Le ministre des Finances a tenu, ce mercredi 29 avril, des propos qui tranchent avec ce qu’on a entendu jusque-là comme discours rassurant concernant la situation économique et financière du pays et ses perspectives.
Abderrahmane Raouya, qui était en tournée à travers des antennes des services fiscaux dans la capitale, a reconnu que « la situation n’est pas confortable ». « Il ne faut pas se mentir », a-t-il dit au cours d’un point de presse improvisé.
« Nous gérons la situation de façon précise notamment à travers la rationalisation des dépenses, qui se poursuit », a affirmé le ministre, notant qu’un travail « au jour le jour » est en cours pour gérer la réduction des recettes de l’État.
Raouya a fait savoir que la gestion de la baisse des recettes, notamment celles liées aux hydrocarbures, induit une poursuite des efforts de rationalisation des dépenses tout en travaillant à hisser le taux de recouvrement fiscal grâce aux facilitations mises en œuvre par l’État ainsi que la numérisation. « C’est une situation à laquelle aucun pays dans le monde ne s’attendait, mais nous avons les moyens d’y faire face », a-t-il assuré.
Le ministre a appelé le personnel de l’administration fiscale à poursuivre son travail de contrôle fiscal tout en assurant l’ensemble dispositions de facilitation prévues par la loi et par les décisions du gouvernement.
Interrogé quant à la capacité de l’État à soutenir les familles nécessiteuses, notamment dans le contexte actuel, Raouya a assuré que « la santé du citoyen et des familles nécessiteuses est l’une des priorités du gouvernement ».
« Il faut qu’on apporte tout ce qui en notre possible au niveau financier pour soutenir ces familles. Si nous devons laisser de côté des projets nous le feront mais nous ne laisserons pas le citoyen algérien », a-t-il affirmé, selon des propos rapportés par l’agence officielle.
L’Algérie, qui tire 97% de ses recettes en devises des exportations des hydrocarbures, subit de plein fouet la baisse des prix de pétrole sur les marchés mondiaux. Le 20 avril, le prix du pétrole américain a atteint une valeur négative (-37 dollars le baril), du jamais vu dans l’histoire.
Le Brent, pétrole de référence européen, se maintient difficilement au-dessus de 20 dollars. La Loi de finances en vigueur a été élaborée sur la base d’un baril à 50 dollars. Même avec un tel prix, le texte prévoit un déficit budgétaire de 1533 milliards de dinars (7.2% du PIB) et un déficit du Trésor de 2435 milliards de dinars.
L’élaboration d’une loi de finances complémentaire pour adapter les recettes et les dépenses à la nouvelle situation avait été suspendue dans un premier temps à cause de la crise sanitaire, mais le dossier vient d’être discuté en conseil du gouvernement.

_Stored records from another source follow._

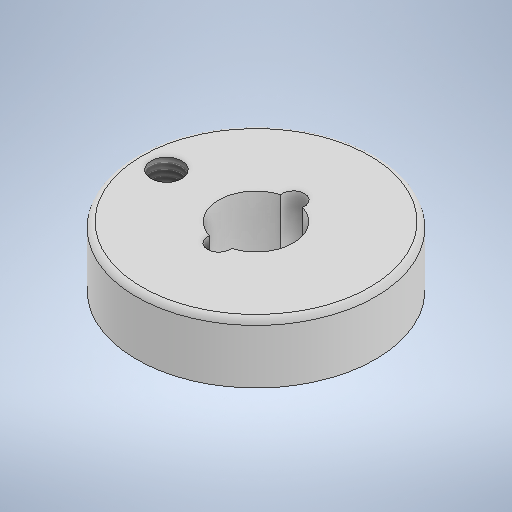
# Autodesk Inventor part: 45
Saved by Autodesk Inventor 2025.1 (Build 291241000, 241)
## iProperties
Created: 2024-09-17
Part Number: 45
Material: Generisch
Document SubType Name: Modeling
Designer: ffogue
Density: 1 g/cm^3
Appearance: Vorgabe
Author: ffogue
Autodesk Inventor part; units mm, degrees
ref_plane "YZ Plane" through (0, 0, 0) normal (1, 0, 0) x (0, 1, 0)
ref_plane "XZ Plane" through (0, 0, 0) normal (0, 1, 0) x (-1, 0, 0)
ref_plane "XY Plane" through (0, 0, 0) normal (0, 0, 1) x (1, 0, 0)
sketch "Sketch1" plane through (0, 0, 0) normal (0, 0, 1) x (1, 0, 0)
  circle A0 centre (0, 0) radius 16
  circle A1 centre (0, 0) radius 5
  dimension "d0" = 32
  dimension "d1" = 10
  constraints: 2 centre point, 2 coincident
  measures "d0" diameter of A0
  measures "d1" diameter of A1
extrude "Extrusion1" add sketch "Sketch1" along normal mid plane 8
sketch "Sketch2" plane through (0, 0, 4) normal (0, 0, 1) x (1, 0, 0)
  circle A0 centre (0, 0) radius 5 projected
  arc A1 (-1.483, -4.775) -> (1.483, -4.775) centre (0, -5) ccw
  arc A2 (1.483, 4.775) -> (-1.483, 4.775) centre (0, 5) ccw
  dimension "d4" = 3
  dimension "d5" = 3
  constraints: 10 point on circle, 2 centre point, 2 vertical alignment
  measures "d4" diameter of A1
  measures "d5" diameter of A2
extrude "Extrusion2" cut sketch "Sketch2" against normal blind 8 contours A0 A2 | A1 A0
sketch "Sketch3" plane through (0, 0, 4) normal (0, 0, 1) x (1, 0, 0)
  point P0 (0, 0)
  point P1 (-12, 0)
  dimension "d8" = 12
  constraints: 1 horizontal alignment
  measures "d8" distance of point (0, 0) point (-12, 0)
hole "Hole1" at (-12, 0, 4) direction (0, 0, -1) diameter 4.134 depth 8 thread size "M5x0.8" class "6H" standard "ISO Metric profile"
fillet "Fillet1" radius 0.75 1 edges at (-16, 0, 4)
body "Solid1"
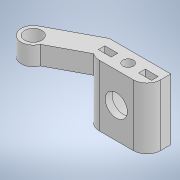
# Autodesk Inventor part: Деталь крепления диска к поворотному механизму
Saved by Autodesk Inventor 2020 (Build 240168000, 168)
## iProperties
Created: 2021-03-15
Part Number: Деталь крепления диска к поворотному механизму
Material: Типовые
Document SubType Name: Modeling
Designer: Антон
Density: 1 g/cm^3
Appearance: По умолчанию
Mass: 2.90777 g
Surface Area: 27.0682 cm^2
Volume: 2.90777 cm^3
Угол_Аккермана: 18,14 град
Высота_сошки: 21,000 мм
Ширина_колесной_базы: 59,900 мм
Длина_колесной_базы: 91,400 мм
Author: Антон
Autodesk Inventor part; units mm, degrees
ref_plane "YZ Plane" through (0, 0, 0) normal (1, 0, 0) x (0, 1, 0)
ref_plane "XZ Plane" through (0, 0, 0) normal (0, 1, 0) x (-1, 0, 0)
ref_plane "XY Plane" through (0, 0, 0) normal (0, 0, 1) x (1, 0, 0)
sketch "Эскиз1" plane through (0, 0, 0) normal (0, 0, 1) x (1, 0, 0)
  line L0 (0, 0) -> (18, 0)
  line L1 (18, 0) -> (18, 18)
  line L2 (18, 18) -> (0, 18)
  line L3 (0, 18) -> (0, 0)
  dimension "d0" = 18
  dimension "d1" = 18
  constraints: 8 end point, 2 parallel, 1 horizontal, 1 perpendicular
  measures "d0" distance of L2.end L1.end
  measures "d1" distance of L1.end L0.end
extrude "Выдавливание1" add sketch "Эскиз1" along normal blind 7
sketch "Эскиз2" plane through (0, 0, 0) normal (0, 0, -1) x (-1, 0, 0)
  line L0 (0, 0) -> (-18, 0) projected
  line L1 (-9, 0) -> (-9, 18)
  line L2 (-18, 18) -> (0, 18) projected
  circle A0 centre (-9, 9) radius 4.05
  dimension "d4" = 8.1
  constraints: 3 midpoint, 2 end point, 1 centre point
  measures "d4" diameter of A0
extrude "Выдавливание2" cut sketch "Эскиз2" against normal blind 5
sketch "Эскиз5" plane through (0, 18, 0) normal (0, 1, 0) x (1, 0, 0)
  line L0 (0, 0) -> (18, 0) projected
  line L1 (9, 0) -> (9, -3.5)
  circle A0 centre (9, -3.5) radius 1.55
  dimension "d21" = 3.5
  dimension "d22" = 3.1
  constraints: 2 end point, 1 centre point, 1 coincident, 1 midpoint, 1 vertical
  measures "d21" distance of L1.start L1.end
  measures "d22" diameter of A0
extrude "Выдавливание4" cut sketch "Эскиз5" against normal blind 4
sketch "Эскиз6" plane through (0, 0, 0) normal (0, -1, 0) x (1, 0, 0)
  circle A0 centre (9, 3.5) radius 1.55 projected
  point P0 (0, 0)
  point P1 (7.5329, 7)
  point P2 (10.4671, 7)
  constraints: 1 other
extrude "Выдавливание5" cut sketch "Эскиз6" against normal blind 4
sketch "Эскиз8" plane through (0, 0, 7) normal (0, 0, 1) x (1, 0, 0)
  circle A0 centre (9, 9) radius 4.05 projected
  circle A1 centre (9, 9) radius 4.05 projected
  circle A2 centre (9, 9) radius 3.25
  point P0 (0, 0)
  dimension "d27" = 6.5
  constraints: 1 centre point, 1 coincident
  measures "d27" diameter of A2
extrude "Выдавливание6" cut sketch "Эскиз8" against normal through all contours A2
sketch "Эскиз22" plane through (0, 0, 0) normal (0, 0, -1) x (-1, 0, 0)
  circle A0 centre (-9, 9) radius 4.05 projected
  line L0 (0, 0) -> (-18, 0) projected
  line L1 (0, 18) -> (0, 0) projected
  line L2 (-18, 18) -> (0, 18) projected
  line L3 (-18, 0) -> (-18, 18) projected
  line L4 (-18, 18) -> (-11.8638, 11.8638) construction
  line L5 (0, 18) -> (-6.1362, 11.8638) construction
  line L6 (-18, 0) -> (-11.8638, 6.1362) construction
  line L7 (0, 0) -> (-18, 0) construction
  line L8 (0, 0) -> (-6.1362, 6.1362) construction
  point P0 (-14.9319, 14.9319)
  point P1 (-3.0681, 14.9319)
  point P2 (-3.0681, 3.0681)
  point P3 (-14.9319, 3.0681)
  constraints: 8 end point, 4 midpoint, 4 point on circle, 2 collinear
hole "Отверстие4" at (14.9319, 14.9319, 0) at (3.0681, 14.9319, 0) at (14.9319, 3.0681, 0) at (3.0681, 3.0681, 0) direction (0, 0, 1) diameter 2.2 depth 2.525
sketch "Эскиз23" plane through (0, 0, 0) normal (0, 0, -1) x (-1, 0, 0)
  circle A0 centre (-14.9319, 14.9319) radius 1.1 projected
  line L0 (-16.8319, 16.0289) -> (-14.9319, 17.1258)
  line L1 (-14.9319, 17.1258) -> (-13.0319, 16.0289)
  line L2 (-13.0319, 16.0289) -> (-13.0319, 13.8349)
  line L3 (-13.0319, 13.8349) -> (-14.9319, 12.738)
  line L4 (-14.9319, 12.738) -> (-16.8319, 13.8349)
  line L5 (-16.8319, 13.8349) -> (-16.8319, 16.0289)
  circle A1 centre (-3.0681, 14.9319) radius 1.1 projected
  line L6 (-1.1681, 13.8349) -> (-3.0681, 12.738)
  line L7 (-3.0681, 12.738) -> (-4.9681, 13.8349)
  line L8 (-4.9681, 13.8349) -> (-4.9681, 16.0289)
  line L9 (-4.9681, 16.0289) -> (-3.0681, 17.1258)
  line L10 (-3.0681, 17.1258) -> (-1.1681, 16.0289)
  line L11 (-1.1681, 16.0289) -> (-1.1681, 13.8349)
  circle A2 centre (-14.9319, 3.0681) radius 1.1 projected
  line L12 (-14.9319, 0.8742) -> (-16.8319, 1.9711)
  line L13 (-16.8319, 1.9711) -> (-16.8319, 4.1651)
  line L14 (-16.8319, 4.1651) -> (-14.9319, 5.262)
  line L15 (-14.9319, 5.262) -> (-13.0319, 4.1651)
  line L16 (-13.0319, 4.1651) -> (-13.0319, 1.9711)
  line L17 (-13.0319, 1.9711) -> (-14.9319, 0.8742)
  circle A3 centre (-3.0681, 3.0681) radius 1.1 projected
  line L18 (-4.9681, 1.9711) -> (-4.9681, 4.1651)
  line L19 (-4.9681, 4.1651) -> (-3.0681, 5.262)
  line L20 (-3.0681, 5.262) -> (-1.1681, 4.1651)
  line L21 (-1.1681, 4.1651) -> (-1.1681, 1.9711)
  line L22 (-1.1681, 1.9711) -> (-3.0681, 0.8742)
  line L23 (-3.0681, 0.8742) -> (-4.9681, 1.9711)
  line L24 (0, 0) -> (-18, 0) projected
  line L25 (-18, 18) -> (0, 18) projected
  line L26 (-18, 0) -> (-18, 18) projected
  line L27 (0, 18) -> (0, 0) projected
  line L28 (-16.8319, 1.9711) -> (-13.0319, 1.9711)
  line L29 (-13.0319, 1.9711) -> (-13.0319, 0)
  line L30 (-13.0319, 0) -> (-16.8319, 0)
  line L31 (-16.8319, 0) -> (-16.8319, 1.9711)
  line L32 (-4.9681, 1.9711) -> (-1.1681, 1.9711)
  line L33 (-1.1681, 1.9711) -> (-1.1681, 0)
  line L34 (-1.1681, 0) -> (-4.9681, 0)
  line L35 (-4.9681, 0) -> (-4.9681, 1.9711)
  line L36 (-4.9681, 16.0289) -> (-1.1681, 16.0289)
  line L37 (-1.1681, 16.0289) -> (-1.1681, 18)
  line L38 (-1.1681, 18) -> (-4.9681, 18)
  line L39 (-4.9681, 18) -> (-4.9681, 16.0289)
  line L40 (-16.8319, 16.0289) -> (-13.0319, 16.0289)
  line L41 (-13.0319, 16.0289) -> (-13.0319, 18)
  line L42 (-13.0319, 18) -> (-16.8319, 18)
  line L43 (-16.8319, 18) -> (-16.8319, 16.0289)
  point P0 (-14.8502, 16.0289)
  point P1 (-15.0135, 16.0289)
  point P2 (-1.1681, 0)
  dimension "d92" = 3.8
  constraints: 80 end point, 12 parallel, 4 coincident, 4 horizontal, 4 perpendicular, 3 collinear, 3 equal length, 3 point on line, 52 other
  measures "d92" distance between parallel lines of L8 L11
extrude "Выдавливание13" cut sketch "Эскиз23" against normal blind 1.95 from surface at -2.525 contours A0 L40 | A0 L40 L2 L3 L4 L5 | L40 A0 | A0 L40 L0 L1 | L1 L0 L43 L25 L41 | L25 L37 L10 L9 L39 | L36 A1 L11 L6 L7 L8 | L9 L10 L36 A1 | L36 A1 | A1 L36 | L31 L12 L17 L29 L24 | L28 A2 L17 L12 | L13 L14 L15 L16 L28 A2 | L24 L35 L23 L22 L33 | L28 A2 | A2 L28 | L32 A3 L18 L19 L20 L21 | L22 L23 L32 A3 | L32 A3 | A3 L32
sketch "Эскиз24" plane through (0, 18, 0) normal (0, 1, 0) x (1, 0, 0)
  circle A0 centre (9, -3.5) radius 1.55 projected
  circle A1 centre (9, -3.5) radius 1.55 projected
  line L0 (9, -3.5) -> (-12, -10.3813) construction
  line L1 (18, 0) -> (0, 0) projected
  circle A2 centre (-12, -10.3813) radius 2.525
  line L2 (0, 0) -> (0, -7) projected
  line L3 (18, -7) -> (0, -7) projected
  line L4 (-13.6564, -7.2697) -> (0, 0)
  line L5 (0, -7) -> (-8.7051, -11.634)
  circle A3 centre (-12, -10.3813) radius 3.525
  dimension "Угол_Аккермана" = 18.143
  dimension "d96" = 5.05
  dimension "Высота_сошки" = 21
  dimension "d116" = 7.05
  constraints: 6 end point, 2 centre point, 2 coincident, 2 point on circle, 1 parallel, 1 tangent
  measures "Угол_Аккермана" angle of L1 L0
  measures "d96" diameter of A2
  measures "Высота_сошки" horizontal distance of A0.centre L0.end
  measures "d116" diameter of A3
extrude "Выдавливание14" add sketch "Эскиз24" against normal blind 4 contours L2 L5 A3 L4 | A3
sketch "Эскиз26" plane through (0, 14, 0) normal (0, -1, 0) x (1, 0, 0)
  line L0 (0, 7) -> (-8.7051, 11.634) projected
  arc A0 (-8.7051, 11.634) -> (-13.6564, 7.2697) centre (-12, 10.3813) ccw projected
  line L1 (-13.6564, 7.2697) -> (0, 0) projected
  line L2 (0, 7) -> (0, 0) projected
  circle A1 centre (-12, 10.3813) radius 2.525 projected
  point P0 (0, 0)
extrude "Выдавливание16" add sketch "Эскиз26" along normal blind 1.5 contours L2 L1 A0 L0 | A1
fillet "Сопряжение13" radius 4 4 edges at (18, 9, 7) (0, 6.25, 7) (0, 13.25, 7) (0, 16, 7)
equation "\"Ширина_колесной_базы\" = 59.9"
equation "\"Длина_колесной_базы\" = 91.4"
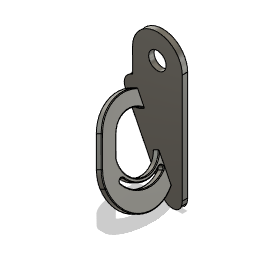
Dispositif antichute (Autodesk Fusion 360 design; units mm, degrees)
Autodesk Fusion 360 part; units mm, degrees
sketch "Sketch1" plane through (0, 0, 0) normal (0, 0, 1) x (1, 0, 0)
  line L0 (34.1353, 28.7505) -> (76.2882, 28.7505) construction
  line L1 (55.191, 53.2671) -> (55.191, 4.3332) construction
  circle A0 centre (55.191, 28.8002) radius 18.4477
  line L2 (36.7433, 28.7505) -> (36.7911, 11.0227)
  line L3 (73.6386, 28.7505) -> (73.6386, -52.3324)
  line L4 (73.6386, -62.6389) -> (36.7911, 11.0227)
  line L5 (69.1669, -64.8758) -> (32.3194, 8.7858)
  line L6 (36.7911, 11.0227) -> (32.3194, 8.7858)
  line L7 (73.6386, -62.6389) -> (69.1669, -64.8758)
  line L8 (71.7392, -58.8419) -> (72.0517, -58.2963)
  arc A1 (72.0517, -58.2963) -> (73.6386, -52.3324) centre (61.6386, -52.3324) ccw
  dimension "d1" = 5
  dimension "d2" = 12
  constraint horizontal L0
  constraint vertical L1
  constraint midpoint L1 A0.centre
  constraint coincident A0 L2.start
  constraint coincident L0 L2.start
  constraint tangent A0 L2
  constraint coincident A0 L3.start
  constraint coincident L0 L3.start
  constraint perpendicular L0 L3
  constraint coincident L4 L8.start
  constraint tangent L8 A1
  constraint tangent L3 A1
  measures "d2" radius of A1
extrude "Extrude1" add sketch "Sketch1" along normal blind 4
sketch "Sketch2" plane through (0, 0, 4) normal (0, 0, 1) x (1, 0, 0)
  line L0 (73.6386, -62.6389) -> (71.7392, -58.8419)
  line L1 (71.7392, -58.8419) -> (72.0517, -58.2963)
  arc A0 (72.0517, -58.2963) -> (73.6386, -52.3324) centre (61.6386, -52.3324) ccw
  line L2 (73.6386, -52.3324) -> (73.6386, 28.7505)
  arc A1 (73.6386, 28.7505) -> (36.7433, 28.7505) centre (55.191, 28.8002) ccw
  line L3 (36.7433, 28.7505) -> (36.7911, 11.0227)
  line L4 (36.7911, 11.0227) -> (32.3194, 8.7858)
  line L5 (32.3194, 8.7858) -> (69.1669, -64.8758)
  line L6 (69.1669, -64.8758) -> (73.6386, -62.6389)
  line L7 (73.6386, -62.6389) -> (69.1669, -64.8758)
  line L8 (69.1669, -64.8758) -> (32.3194, 8.7858)
  line L9 (32.3194, 8.7858) -> (36.7911, 11.0227)
  line L10 (36.7911, 11.0227) -> (73.6386, -62.6389)
  constraint perpendicular L7 L8
  constraint parallel L7 L9
  constraint parallel L8 L10
  constraint coincident L5.end L6.start
  constraint perpendicular L5 L7
  constraint coincident L0.start L6.end
extrude "Extrude2" add sketch "Sketch2" along normal blind 42 contours L0 L4 L5 L6 L7 L8 L9 L10
sketch "Sketch3" plane through (33.8378, 16.9266, 0) normal (0.894346, 0.447376, 0) x (0, 0, -1)
  line L0 (0, -88.965) -> (0, -84.7194)
  line L1 (0, -84.7194) -> (-4, -84.7194)
  line L2 (-4, -84.7194) -> (-4, -6.6014)
  line L3 (-4, -6.6014) -> (-46, -6.6014)
  line L4 (-46, -6.6014) -> (-46, -88.965)
  line L5 (-46, -88.965) -> (0, -88.965)
sketch "Sketch4" plane through (33.8378, 16.9266, 0) normal (0.894346, 0.447376, 0) x (0, 0, -1)
  line L0 (-26.7558, -30.7677) -> (-32.1249, -42.8155)
  line L1 (-35.8898, -26.6971) -> (-41.2589, -38.7449)
  arc A0 (-32.1249, -42.8155) -> (-4, -50.1388) centre (-17.544, -44.4859) ccw
  line L2 (-4, -84.7194) -> (-4, -6.6014)
  line L3 (-4, -79.7475) -> (-4, -7.2313)
  line L4 (-4, -14.4741) -> (16.8302, -14.4741)
  arc A1 (-4, -14.4741) -> (-35.8898, -26.6971) centre (-13.8352, -36.5258) ccw
  arc A2 (-4, -26.3589) -> (-26.7558, -30.7677) centre (-13.8352, -36.5258) ccw
  arc A3 (-31.8855, -54.1157) -> (-7.7112, -58.2415) centre (-17.7652, -44.2659) ccw
  arc A4 (-34.7561, -56.1181) -> (-5.6672, -61.0826) centre (-17.7652, -44.2659) ccw
  arc A5 (-5.6672, -61.0826) -> (-7.7112, -58.2415) centre (-6.6892, -59.662) ccw
  arc A6 (-31.8855, -54.1157) -> (-34.7561, -56.1181) centre (-33.3208, -55.1169) ccw
  line L5 (-41.2589, -38.7449) -> (-43.5757, -43.9434)
  arc A7 (-45.4319, -54.365) -> (-4, -71.1372) centre (-20.651, -52.7097) ccw
  arc A8 (-43.5757, -43.9434) -> (-45.4319, -54.365) centre (-23.4808, -52.8987) ccw
  line L6 (-4, -6.6014) -> (-46, -6.6014)
  line L7 (-46, -6.6014) -> (-46, -88.965)
  line L8 (-46, -88.965) -> (0, -88.965)
  line L9 (0, -88.965) -> (0, -84.7194)
  line L10 (-4, -6.6014) -> (-4, -84.7194)
  line L11 (0, -84.7194) -> (-4, -84.7194)
  dimension "d9" = 3.5
  dimension "d10" = 22
  constraint coincident A0.end L2
  constraint coincident L2 L4.start
  constraint perpendicular L2 L4
  constraint tangent L1 A1
  constraint concentric A1 A2
  constraint coincident L2 A2.start
  constraint parallel L0 L1
  constraint tangent A3 A6
  constraint tangent A4 A5
  constraint parallel L1 L5
  constraint coincident L2 A7.end
  constraint tangent A7 A8
  constraint tangent L5 A8
  measures "d10" radius of A8
extrude "Extrude3" cut sketch "Sketch4" against normal through all contours L0 A0 L2 L3 A2 L10 | L1 L2 L3 A1 L5 A7 A8 L6 L7 L8 L9 L10 L11 | A3 A4 A5 A6
sketch "Sketch5" plane through (29.3661, 14.6897, 0) normal (-0.894346, -0.447376, 0) x (0, 0, 1)
  line L0 (0, -84.7194) -> (4, -84.7194)
  line L1 (4, -84.7194) -> (4, -71.1372)
  arc A0 (4, -71.1372) -> (45.4319, -54.365) centre (20.651, -52.7097) ccw
  arc A1 (45.4319, -54.365) -> (43.5757, -43.9434) centre (23.4808, -52.8987) ccw
  line L2 (43.5757, -43.9434) -> (35.8898, -26.6971)
  arc A2 (35.8898, -26.6971) -> (4, -14.4741) centre (13.8352, -36.5258) ccw
  line L3 (4, -14.4741) -> (4, -6.6014)
  line L4 (4, -6.6014) -> (0, -6.6014)
  line L5 (0, -6.6014) -> (0, -84.7194)
  arc A3 (7.7112, -58.2415) -> (31.8855, -54.1157) centre (17.7652, -44.2659) ccw
  arc A4 (34.7561, -56.1181) -> (31.8855, -54.1157) centre (33.3208, -55.1169) ccw
  arc A5 (5.6672, -61.0826) -> (34.7561, -56.1181) centre (17.7652, -44.2659) ccw
  arc A6 (7.7112, -58.2415) -> (5.6672, -61.0826) centre (6.6892, -59.662) ccw
  line L6 (4, -50.1388) -> (4, -26.3589)
  arc A7 (26.7558, -30.7677) -> (4, -26.3589) centre (13.8352, -36.5258) ccw
  line L7 (26.7558, -30.7677) -> (32.1249, -42.8155)
  arc A8 (4, -50.1388) -> (32.1249, -42.8155) centre (17.544, -44.4859) ccw
  line L8 (4, -84.7194) -> (0, -84.7194)
  line L9 (0, -84.7194) -> (0, -6.6014)
  line L10 (0, -6.6014) -> (4, -6.6014)
  line L11 (4, -6.6014) -> (4, -84.7194)
  constraint horizontal L8
  constraint vertical L9
  constraint horizontal L10
  constraint vertical L11
  constraint coincident L4.end L5.start
  constraint coincident L0.end L1.start
extrude "Extrude4" add sketch "Sketch5" along normal blind 5 contours L0 L1 L3 L4 L5 L6 L8 L9 L10 L11
sketch "Sketch6" plane through (0, 0, 4) normal (0, 0, 1) x (1, 0, 0)
  line L0 (62.7958, -63.3156) -> (71.7392, -58.8419)
  line L1 (71.7392, -58.8419) -> (72.0517, -58.2963)
  arc A0 (72.0517, -58.2963) -> (73.6386, -52.3324) centre (61.6386, -52.3324) ccw
  line L2 (73.6386, -52.3324) -> (73.6386, 28.7505)
  arc A1 (73.6386, 28.7505) -> (36.7433, 28.7505) centre (55.191, 28.8002) ccw
  line L3 (36.7433, 28.7505) -> (36.7911, 11.0227)
  line L4 (36.7911, 11.0227) -> (27.8476, 6.5489)
  line L5 (27.8476, 6.5489) -> (62.7958, -63.3156)
  line L6 (61.1911, -48.9315) -> (51.797, -30.1517)
  line L7 (51.797, -30.1517) -> (56.2687, -27.9148)
  line L8 (56.2687, -27.9148) -> (65.6629, -46.6946)
  line L9 (65.6629, -46.6946) -> (61.1911, -48.9315)
  line L10 (41.1584, -8.8842) -> (35.8414, 1.7449)
  line L11 (35.8414, 1.7449) -> (40.3131, 3.9818)
  line L12 (40.3131, 3.9818) -> (45.6301, -6.6473)
  line L13 (45.6301, -6.6473) -> (41.1584, -8.8842)
  arc A2 (73.6386, 28.7505) -> (36.7433, 28.7505) centre (55.191, 28.8002) ccw
  circle A3 centre (55.191, 28.8002) radius 6.5
  dimension "d14" = 13
  constraint concentric A1 A3
  measures "d14" diameter of A3
extrude "Extrude5" cut sketch "Sketch6" against normal through all contours A3
fillet "Fillet1" radius 8 2 edges at (27.8476, 6.5489, 2) (62.7958, -63.3156, 2)
fillet "Fillet2" radius 6.5 1 edges at (71.7392, -58.8419, 2)
fillet "Fillet3" radius 0.5 8 edges at (40.0919, 4.424, 22.4769) (49.6392, -14.6619, 39.7327) (55.7775, -26.9329, 45.1399) (67.718, -50.8031, 29.9704) (63.2463, -53.04, 29.9704) (51.3058, -29.1698, 45.1399) (45.1675, -16.8988, 39.7327) (35.6202, 2.1871, 22.4769)
fillet "Fillet4" radius 0.5 14 edges at (50.2975, -15.9778, 29.4404) (43.9657, -3.32, 16.5258) (39.494, -5.5569, 16.5258) (45.8257, -18.2147, 29.4404) (55.622, -37.7983, 21.2422) (60.0937, -35.5614, 21.2422) (61.2337, -37.8403, 20.6616) (60.072, -35.5179, 5.2686) (62.7772, -40.9259, 21.2504) (57.8537, -31.0833, 34.322) (58.3055, -43.1628, 21.2504) (55.6002, -37.7548, 5.2686) (56.762, -40.0772, 20.6616) (53.3819, -33.3202, 34.322)

Le 22 mars, une série de mesures à même de permettre de faire face à la crise avaient été adoptées en Conseil des ministres. Elles prévoient notamment une coupe de 30% dans le budget de fonctionnement de l’État (hors salaires) et la baisse de la facture des importations de 41 à 31 milliards de dollars.
Néanmoins, les responsables qui se sont exprimés sur la question ont continué à être rassurants. C’est le cas de Mohand Oussaïd Belaid, porte-parole officiel de la présidence qui, en conférence de presse mardi 21 avril, avait déclaré que la situation économique était « sous contrôle », excluant aussi le recours à l’endettement extérieur.
Le ministre de l’Énergie, Mohamed Arkab, a lui aussi multiplié les sorties pour afficher son optimisme quant à une remontée rapide des cours de pétrole. Lors de son passage à la radio il y a deux jours, il a prévu un baril à 40 dollars pour le second semestre de l’année en cours, voire même un prix qui se situera à 50-60 dollars.